## Your objective
Across all the entries, tally the lines holding the word "DRILL", and give the number by itself.

(Records to process Opens)

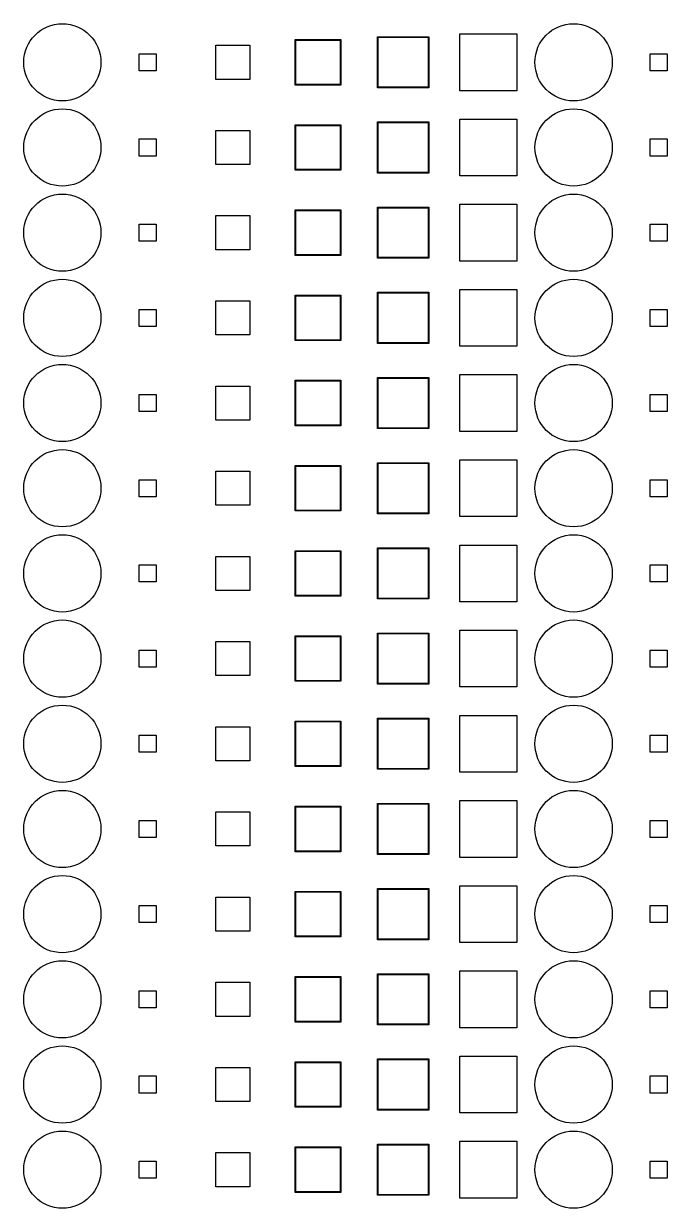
# Model space of a CAD drawing. Header units: millimetres. Extents: x -195 to 195, y -219 to 195.
# Drawn here: x -22.1 to 34.5, y -119.7 to -15.3 of the extents above; entities that cross this region are included whole.
import ezdxf

# ---------------------------------------------------------------- set-up
doc = ezdxf.new("R2010")
doc.units = ezdxf.units.MM
for name, color, linetype in [('DRILL', 6, 'Continuous'), ('M1', 1, 'Continuous'), ('M2', 30, 'Continuous'), ('M3', 5, 'Continuous'), ('M4', 3, 'Continuous')]:
    doc.layers.add(name, color=color, linetype=linetype)

msp = doc.modelspace()

# ---------------------------------------------------------------- linework, layer by layer
at = {"layer": 'DRILL'}
for centre in [(-18.75, -18.75), (26.25, -18.75), (-18.75, -26.25), (26.25, -26.25), (-18.75, -33.75), (26.25, -33.75), (-18.75, -41.25), (26.25, -41.25), (-18.75, -48.75), (26.25, -48.75), (-18.75, -56.25), (26.25, -56.25), (-18.75, -63.75), (26.25, -63.75), (-18.75, -71.25), (26.25, -71.25), (-18.75, -78.75), (26.25, -78.75), (-18.75, -86.25), (26.25, -86.25), (-18.75, -93.75), (26.25, -93.75), (-18.75, -101.25), (26.25, -101.25), (-18.75, -108.75), (26.25, -108.75), (-18.75, -116.25), (26.25, -116.25)]:
    msp.add_circle(centre, 3.4, dxfattribs=at)
at = {"layer": 'M1'}
for points in [[(13.45, -16.55), (13.45, -20.95), (9.05, -20.95), (9.05, -16.55)], [(21.25, -16.25), (21.25, -21.25), (16.25, -21.25), (16.25, -16.25)], [(-5.25, -17.25), (-2.25, -17.25), (-2.25, -20.25), (-5.25, -20.25)], [(5.7, -16.8), (5.7, -20.7), (1.8, -20.7), (1.8, -16.8)], [(-10.5, -18), (-10.5, -19.5), (-12, -19.5), (-12, -18)], [(33, -18), (34.5, -18), (34.5, -19.5), (33, -19.5)], [(21.25, -23.75), (21.25, -28.75), (16.25, -28.75), (16.25, -23.75)], [(-2.25, -24.75), (-2.25, -27.75), (-5.25, -27.75), (-5.25, -24.75)], [(5.7, -24.3), (5.7, -28.2), (1.8, -28.2), (1.8, -24.3)], [(9.05, -24.05), (13.45, -24.05), (13.45, -28.45), (9.05, -28.45)], [(-10.5, -25.5), (-10.5, -27), (-12, -27), (-12, -25.5)], [(34.5, -25.5), (34.5, -27), (33, -27), (33, -25.5)], [(21.25, -31.25), (21.25, -36.25), (16.25, -36.25), (16.25, -31.25)], [(-2.25, -32.25), (-2.25, -35.25), (-5.25, -35.25), (-5.25, -32.25)], [(1.8, -31.8), (5.7, -31.8), (5.7, -35.7), (1.8, -35.7)], [(9.05, -31.55), (13.45, -31.55), (13.45, -35.95), (9.05, -35.95)], [(-10.5, -33), (-10.5, -34.5), (-12, -34.5), (-12, -33)], [(34.5, -33), (34.5, -34.5), (33, -34.5), (33, -33)], [(5.7, -39.3), (5.7, -43.2), (1.8, -43.2), (1.8, -39.3)], [(13.45, -39.05), (13.45, -43.45), (9.05, -43.45), (9.05, -39.05)], [(21.25, -38.75), (21.25, -43.75), (16.25, -43.75), (16.25, -38.75)], [(-10.5, -40.5), (-10.5, -42), (-12, -42), (-12, -40.5)], [(-5.25, -39.75), (-2.25, -39.75), (-2.25, -42.75), (-5.25, -42.75)], [(33, -40.5), (34.5, -40.5), (34.5, -42), (33, -42)], [(5.7, -46.8), (5.7, -50.7), (1.8, -50.7), (1.8, -46.8)], [(13.45, -46.55), (13.45, -50.95), (9.05, -50.95), (9.05, -46.55)], [(16.25, -46.25), (21.25, -46.25), (21.25, -51.25), (16.25, -51.25)], [(-2.25, -47.25), (-2.25, -50.25), (-5.25, -50.25), (-5.25, -47.25)], [(-12, -48), (-10.5, -48), (-10.5, -49.5), (-12, -49.5)], [(33, -48), (34.5, -48), (34.5, -49.5), (33, -49.5)], [(13.45, -54.05), (13.45, -58.45), (9.05, -58.45), (9.05, -54.05)], [(21.25, -53.75), (21.25, -58.75), (16.25, -58.75), (16.25, -53.75)], [(-5.25, -54.75), (-2.25, -54.75), (-2.25, -57.75), (-5.25, -57.75)], [(5.7, -54.3), (5.7, -58.2), (1.8, -58.2), (1.8, -54.3)], [(-12, -55.5), (-10.5, -55.5), (-10.5, -57), (-12, -57)], [(34.5, -55.5), (34.5, -57), (33, -57), (33, -55.5)], [(16.25, -61.25), (21.25, -61.25), (21.25, -66.25), (16.25, -66.25)], [(-2.25, -62.25), (-2.25, -65.25), (-5.25, -65.25), (-5.25, -62.25)], [(1.8, -61.8), (5.7, -61.8), (5.7, -65.7), (1.8, -65.7)], [(13.45, -61.55), (13.45, -65.95), (9.05, -65.95), (9.05, -61.55)], [(-10.5, -63), (-10.5, -64.5), (-12, -64.5), (-12, -63)], [(34.5, -63), (34.5, -64.5), (33, -64.5), (33, -63)], [(21.25, -68.75), (21.25, -73.75), (16.25, -73.75), (16.25, -68.75)], [(-2.25, -69.75), (-2.25, -72.75), (-5.25, -72.75), (-5.25, -69.75)], [(1.8, -69.3), (5.7, -69.3), (5.7, -73.2), (1.8, -73.2)], [(13.45, -69.05), (13.45, -73.45), (9.05, -73.45), (9.05, -69.05)], [(-12, -70.5), (-10.5, -70.5), (-10.5, -72), (-12, -72)], [(34.5, -70.5), (34.5, -72), (33, -72), (33, -70.5)], [(1.8, -76.8), (5.7, -76.8), (5.7, -80.7), (1.8, -80.7)], [(13.45, -76.55), (13.45, -80.95), (9.05, -80.95), (9.05, -76.55)], [(21.25, -76.25), (21.25, -81.25), (16.25, -81.25), (16.25, -76.25)], [(-10.5, -78), (-10.5, -79.5), (-12, -79.5), (-12, -78)], [(-2.25, -77.25), (-2.25, -80.25), (-5.25, -80.25), (-5.25, -77.25)], [(33, -78), (34.5, -78), (34.5, -79.5), (33, -79.5)], [(5.7, -84.3), (5.7, -88.2), (1.8, -88.2), (1.8, -84.3)], [(13.45, -84.05), (13.45, -88.45), (9.05, -88.45), (9.05, -84.05)], [(21.25, -83.75), (21.25, -88.75), (16.25, -88.75), (16.25, -83.75)], [(-12, -85.5), (-10.5, -85.5), (-10.5, -87), (-12, -87)], [(-5.25, -84.75), (-2.25, -84.75), (-2.25, -87.75), (-5.25, -87.75)], [(33, -85.5), (34.5, -85.5), (34.5, -87), (33, -87)], [(9.05, -91.55), (13.45, -91.55), (13.45, -95.95), (9.05, -95.95)], [(16.25, -91.25), (21.25, -91.25), (21.25, -96.25), (16.25, -96.25)], [(-2.25, -92.25), (-2.25, -95.25), (-5.25, -95.25), (-5.25, -92.25)], [(5.7, -91.8), (5.7, -95.7), (1.8, -95.7), (1.8, -91.8)], [(-10.5, -93), (-10.5, -94.5), (-12, -94.5), (-12, -93)], [(33, -93), (34.5, -93), (34.5, -94.5), (33, -94.5)], [(13.45, -99.05), (13.45, -103.45), (9.05, -103.45), (9.05, -99.05)], [(16.25, -98.75), (21.25, -98.75), (21.25, -103.75), (16.25, -103.75)], [(-5.25, -99.75), (-2.25, -99.75), (-2.25, -102.75), (-5.25, -102.75)], [(5.7, -99.3), (5.7, -103.2), (1.8, -103.2), (1.8, -99.3)], [(-12, -100.5), (-10.5, -100.5), (-10.5, -102), (-12, -102)], [(34.5, -100.5), (34.5, -102), (33, -102), (33, -100.5)], [(21.25, -106.25), (21.25, -111.25), (16.25, -111.25), (16.25, -106.25)], [(-2.25, -107.25), (-2.25, -110.25), (-5.25, -110.25), (-5.25, -107.25)], [(1.8, -106.8), (5.7, -106.8), (5.7, -110.7), (1.8, -110.7)], [(13.45, -106.55), (13.45, -110.95), (9.05, -110.95), (9.05, -106.55)], [(-10.5, -108), (-10.5, -109.5), (-12, -109.5), (-12, -108)], [(34.5, -108), (34.5, -109.5), (33, -109.5), (33, -108)], [(5.7, -114.3), (5.7, -118.2), (1.8, -118.2), (1.8, -114.3)], [(9.05, -114.05), (13.45, -114.05), (13.45, -118.45), (9.05, -118.45)], [(21.25, -113.75), (21.25, -118.75), (16.25, -118.75), (16.25, -113.75)], [(-10.5, -115.5), (-10.5, -117), (-12, -117), (-12, -115.5)], [(-5.25, -114.75), (-2.25, -114.75), (-2.25, -117.75), (-5.25, -117.75)], [(34.5, -115.5), (34.5, -117), (33, -117), (33, -115.5)]]:
    msp.add_lwpolyline(points, close=True, dxfattribs=at)
at = {"layer": 'M2'}
for points in [[(13.5, -16.5), (13.5, -21), (9, -21), (9, -16.5)], [(21.25, -16.25), (21.25, -21.25), (16.25, -21.25), (16.25, -16.25)], [(-5.25, -17.25), (-2.25, -17.25), (-2.25, -20.25), (-5.25, -20.25)], [(5.75, -16.75), (5.75, -20.75), (1.75, -20.75), (1.75, -16.75)], [(-10.5, -18), (-10.5, -19.5), (-12, -19.5), (-12, -18)], [(33, -18), (34.5, -18), (34.5, -19.5), (33, -19.5)], [(21.25, -23.75), (21.25, -28.75), (16.25, -28.75), (16.25, -23.75)], [(-2.25, -24.75), (-2.25, -27.75), (-5.25, -27.75), (-5.25, -24.75)], [(5.75, -24.25), (5.75, -28.25), (1.75, -28.25), (1.75, -24.25)], [(9, -24), (13.5, -24), (13.5, -28.5), (9, -28.5)], [(-10.5, -25.5), (-10.5, -27), (-12, -27), (-12, -25.5)], [(34.5, -25.5), (34.5, -27), (33, -27), (33, -25.5)], [(21.25, -31.25), (21.25, -36.25), (16.25, -36.25), (16.25, -31.25)], [(-2.25, -32.25), (-2.25, -35.25), (-5.25, -35.25), (-5.25, -32.25)], [(1.75, -31.75), (5.75, -31.75), (5.75, -35.75), (1.75, -35.75)], [(9, -31.5), (13.5, -31.5), (13.5, -36), (9, -36)], [(-10.5, -33), (-10.5, -34.5), (-12, -34.5), (-12, -33)], [(34.5, -33), (34.5, -34.5), (33, -34.5), (33, -33)], [(5.75, -39.25), (5.75, -43.25), (1.75, -43.25), (1.75, -39.25)], [(13.5, -39), (13.5, -43.5), (9, -43.5), (9, -39)], [(21.25, -38.75), (21.25, -43.75), (16.25, -43.75), (16.25, -38.75)], [(-10.5, -40.5), (-10.5, -42), (-12, -42), (-12, -40.5)], [(-5.25, -39.75), (-2.25, -39.75), (-2.25, -42.75), (-5.25, -42.75)], [(33, -40.5), (34.5, -40.5), (34.5, -42), (33, -42)], [(5.75, -46.75), (5.75, -50.75), (1.75, -50.75), (1.75, -46.75)], [(13.5, -46.5), (13.5, -51), (9, -51), (9, -46.5)], [(16.25, -46.25), (21.25, -46.25), (21.25, -51.25), (16.25, -51.25)], [(-2.25, -47.25), (-2.25, -50.25), (-5.25, -50.25), (-5.25, -47.25)], [(-12, -48), (-10.5, -48), (-10.5, -49.5), (-12, -49.5)], [(33, -48), (34.5, -48), (34.5, -49.5), (33, -49.5)], [(13.5, -54), (13.5, -58.5), (9, -58.5), (9, -54)], [(21.25, -53.75), (21.25, -58.75), (16.25, -58.75), (16.25, -53.75)], [(-5.25, -54.75), (-2.25, -54.75), (-2.25, -57.75), (-5.25, -57.75)], [(5.75, -54.25), (5.75, -58.25), (1.75, -58.25), (1.75, -54.25)], [(-12, -55.5), (-10.5, -55.5), (-10.5, -57), (-12, -57)], [(34.5, -55.5), (34.5, -57), (33, -57), (33, -55.5)], [(13.5, -61.5), (13.5, -66), (9, -66), (9, -61.5)], [(16.25, -61.25), (21.25, -61.25), (21.25, -66.25), (16.25, -66.25)], [(-2.25, -62.25), (-2.25, -65.25), (-5.25, -65.25), (-5.25, -62.25)], [(1.75, -61.75), (5.75, -61.75), (5.75, -65.75), (1.75, -65.75)], [(-10.5, -63), (-10.5, -64.5), (-12, -64.5), (-12, -63)], [(34.5, -63), (34.5, -64.5), (33, -64.5), (33, -63)], [(21.25, -68.75), (21.25, -73.75), (16.25, -73.75), (16.25, -68.75)], [(-2.25, -69.75), (-2.25, -72.75), (-5.25, -72.75), (-5.25, -69.75)], [(1.75, -69.25), (5.75, -69.25), (5.75, -73.25), (1.75, -73.25)], [(13.5, -69), (13.5, -73.5), (9, -73.5), (9, -69)], [(-12, -70.5), (-10.5, -70.5), (-10.5, -72), (-12, -72)], [(34.5, -70.5), (34.5, -72), (33, -72), (33, -70.5)], [(1.75, -76.75), (5.75, -76.75), (5.75, -80.75), (1.75, -80.75)], [(13.5, -76.5), (13.5, -81), (9, -81), (9, -76.5)], [(21.25, -76.25), (21.25, -81.25), (16.25, -81.25), (16.25, -76.25)], [(-10.5, -78), (-10.5, -79.5), (-12, -79.5), (-12, -78)], [(-2.25, -77.25), (-2.25, -80.25), (-5.25, -80.25), (-5.25, -77.25)], [(33, -78), (34.5, -78), (34.5, -79.5), (33, -79.5)], [(5.75, -84.25), (5.75, -88.25), (1.75, -88.25), (1.75, -84.25)], [(13.5, -84), (13.5, -88.5), (9, -88.5), (9, -84)], [(21.25, -83.75), (21.25, -88.75), (16.25, -88.75), (16.25, -83.75)], [(-12, -85.5), (-10.5, -85.5), (-10.5, -87), (-12, -87)], [(-5.25, -84.75), (-2.25, -84.75), (-2.25, -87.75), (-5.25, -87.75)], [(33, -85.5), (34.5, -85.5), (34.5, -87), (33, -87)], [(5.75, -91.75), (5.75, -95.75), (1.75, -95.75), (1.75, -91.75)], [(9, -91.5), (13.5, -91.5), (13.5, -96), (9, -96)], [(16.25, -91.25), (21.25, -91.25), (21.25, -96.25), (16.25, -96.25)], [(-2.25, -92.25), (-2.25, -95.25), (-5.25, -95.25), (-5.25, -92.25)], [(-10.5, -93), (-10.5, -94.5), (-12, -94.5), (-12, -93)], [(33, -93), (34.5, -93), (34.5, -94.5), (33, -94.5)], [(13.5, -99), (13.5, -103.5), (9, -103.5), (9, -99)], [(16.25, -98.75), (21.25, -98.75), (21.25, -103.75), (16.25, -103.75)], [(-5.25, -99.75), (-2.25, -99.75), (-2.25, -102.75), (-5.25, -102.75)], [(5.75, -99.25), (5.75, -103.25), (1.75, -103.25), (1.75, -99.25)], [(-12, -100.5), (-10.5, -100.5), (-10.5, -102), (-12, -102)], [(34.5, -100.5), (34.5, -102), (33, -102), (33, -100.5)], [(21.25, -106.25), (21.25, -111.25), (16.25, -111.25), (16.25, -106.25)], [(-2.25, -107.25), (-2.25, -110.25), (-5.25, -110.25), (-5.25, -107.25)], [(1.75, -106.75), (5.75, -106.75), (5.75, -110.75), (1.75, -110.75)], [(13.5, -106.5), (13.5, -111), (9, -111), (9, -106.5)], [(-10.5, -108), (-10.5, -109.5), (-12, -109.5), (-12, -108)], [(34.5, -108), (34.5, -109.5), (33, -109.5), (33, -108)], [(5.75, -114.25), (5.75, -118.25), (1.75, -118.25), (1.75, -114.25)], [(9, -114), (13.5, -114), (13.5, -118.5), (9, -118.5)], [(21.25, -113.75), (21.25, -118.75), (16.25, -118.75), (16.25, -113.75)], [(-10.5, -115.5), (-10.5, -117), (-12, -117), (-12, -115.5)], [(-5.25, -114.75), (-2.25, -114.75), (-2.25, -117.75), (-5.25, -117.75)], [(34.5, -115.5), (34.5, -117), (33, -117), (33, -115.5)]]:
    msp.add_lwpolyline(points, close=True, dxfattribs=at)
at = {"layer": 'M3'}
for points in [[(13.45, -16.55), (13.45, -20.95), (9.05, -20.95), (9.05, -16.55)], [(21.25, -16.25), (21.25, -21.25), (16.25, -21.25), (16.25, -16.25)], [(-5.25, -17.25), (-2.25, -17.25), (-2.25, -20.25), (-5.25, -20.25)], [(5.7, -16.8), (5.7, -20.7), (1.8, -20.7), (1.8, -16.8)], [(-10.5, -18), (-10.5, -19.5), (-12, -19.5), (-12, -18)], [(33, -18), (34.5, -18), (34.5, -19.5), (33, -19.5)], [(21.25, -23.75), (21.25, -28.75), (16.25, -28.75), (16.25, -23.75)], [(-2.25, -24.75), (-2.25, -27.75), (-5.25, -27.75), (-5.25, -24.75)], [(5.7, -24.3), (5.7, -28.2), (1.8, -28.2), (1.8, -24.3)], [(9.05, -24.05), (13.45, -24.05), (13.45, -28.45), (9.05, -28.45)], [(-10.5, -25.5), (-10.5, -27), (-12, -27), (-12, -25.5)], [(34.5, -25.5), (34.5, -27), (33, -27), (33, -25.5)], [(21.25, -31.25), (21.25, -36.25), (16.25, -36.25), (16.25, -31.25)], [(-2.25, -32.25), (-2.25, -35.25), (-5.25, -35.25), (-5.25, -32.25)], [(1.8, -31.8), (5.7, -31.8), (5.7, -35.7), (1.8, -35.7)], [(9.05, -31.55), (13.45, -31.55), (13.45, -35.95), (9.05, -35.95)], [(-10.5, -33), (-10.5, -34.5), (-12, -34.5), (-12, -33)], [(34.5, -33), (34.5, -34.5), (33, -34.5), (33, -33)], [(5.7, -39.3), (5.7, -43.2), (1.8, -43.2), (1.8, -39.3)], [(13.45, -39.05), (13.45, -43.45), (9.05, -43.45), (9.05, -39.05)], [(21.25, -38.75), (21.25, -43.75), (16.25, -43.75), (16.25, -38.75)], [(-10.5, -40.5), (-10.5, -42), (-12, -42), (-12, -40.5)], [(-5.25, -39.75), (-2.25, -39.75), (-2.25, -42.75), (-5.25, -42.75)], [(33, -40.5), (34.5, -40.5), (34.5, -42), (33, -42)], [(5.7, -46.8), (5.7, -50.7), (1.8, -50.7), (1.8, -46.8)], [(13.45, -46.55), (13.45, -50.95), (9.05, -50.95), (9.05, -46.55)], [(16.25, -46.25), (21.25, -46.25), (21.25, -51.25), (16.25, -51.25)], [(-2.25, -47.25), (-2.25, -50.25), (-5.25, -50.25), (-5.25, -47.25)], [(-12, -48), (-10.5, -48), (-10.5, -49.5), (-12, -49.5)], [(33, -48), (34.5, -48), (34.5, -49.5), (33, -49.5)], [(13.45, -54.05), (13.45, -58.45), (9.05, -58.45), (9.05, -54.05)], [(21.25, -53.75), (21.25, -58.75), (16.25, -58.75), (16.25, -53.75)], [(-5.25, -54.75), (-2.25, -54.75), (-2.25, -57.75), (-5.25, -57.75)], [(5.7, -54.3), (5.7, -58.2), (1.8, -58.2), (1.8, -54.3)], [(-12, -55.5), (-10.5, -55.5), (-10.5, -57), (-12, -57)], [(34.5, -55.5), (34.5, -57), (33, -57), (33, -55.5)], [(16.25, -61.25), (21.25, -61.25), (21.25, -66.25), (16.25, -66.25)], [(-2.25, -62.25), (-2.25, -65.25), (-5.25, -65.25), (-5.25, -62.25)], [(1.8, -61.8), (5.7, -61.8), (5.7, -65.7), (1.8, -65.7)], [(13.45, -61.55), (13.45, -65.95), (9.05, -65.95), (9.05, -61.55)], [(-10.5, -63), (-10.5, -64.5), (-12, -64.5), (-12, -63)], [(34.5, -63), (34.5, -64.5), (33, -64.5), (33, -63)], [(21.25, -68.75), (21.25, -73.75), (16.25, -73.75), (16.25, -68.75)], [(-2.25, -69.75), (-2.25, -72.75), (-5.25, -72.75), (-5.25, -69.75)], [(1.8, -69.3), (5.7, -69.3), (5.7, -73.2), (1.8, -73.2)], [(13.45, -69.05), (13.45, -73.45), (9.05, -73.45), (9.05, -69.05)], [(-12, -70.5), (-10.5, -70.5), (-10.5, -72), (-12, -72)], [(34.5, -70.5), (34.5, -72), (33, -72), (33, -70.5)], [(1.8, -76.8), (5.7, -76.8), (5.7, -80.7), (1.8, -80.7)], [(13.45, -76.55), (13.45, -80.95), (9.05, -80.95), (9.05, -76.55)], [(21.25, -76.25), (21.25, -81.25), (16.25, -81.25), (16.25, -76.25)], [(-10.5, -78), (-10.5, -79.5), (-12, -79.5), (-12, -78)], [(-2.25, -77.25), (-2.25, -80.25), (-5.25, -80.25), (-5.25, -77.25)], [(33, -78), (34.5, -78), (34.5, -79.5), (33, -79.5)], [(5.7, -84.3), (5.7, -88.2), (1.8, -88.2), (1.8, -84.3)], [(13.45, -84.05), (13.45, -88.45), (9.05, -88.45), (9.05, -84.05)], [(21.25, -83.75), (21.25, -88.75), (16.25, -88.75), (16.25, -83.75)], [(-12, -85.5), (-10.5, -85.5), (-10.5, -87), (-12, -87)], [(-5.25, -84.75), (-2.25, -84.75), (-2.25, -87.75), (-5.25, -87.75)], [(33, -85.5), (34.5, -85.5), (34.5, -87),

(Records to process Closes)

## Output of the exercise
2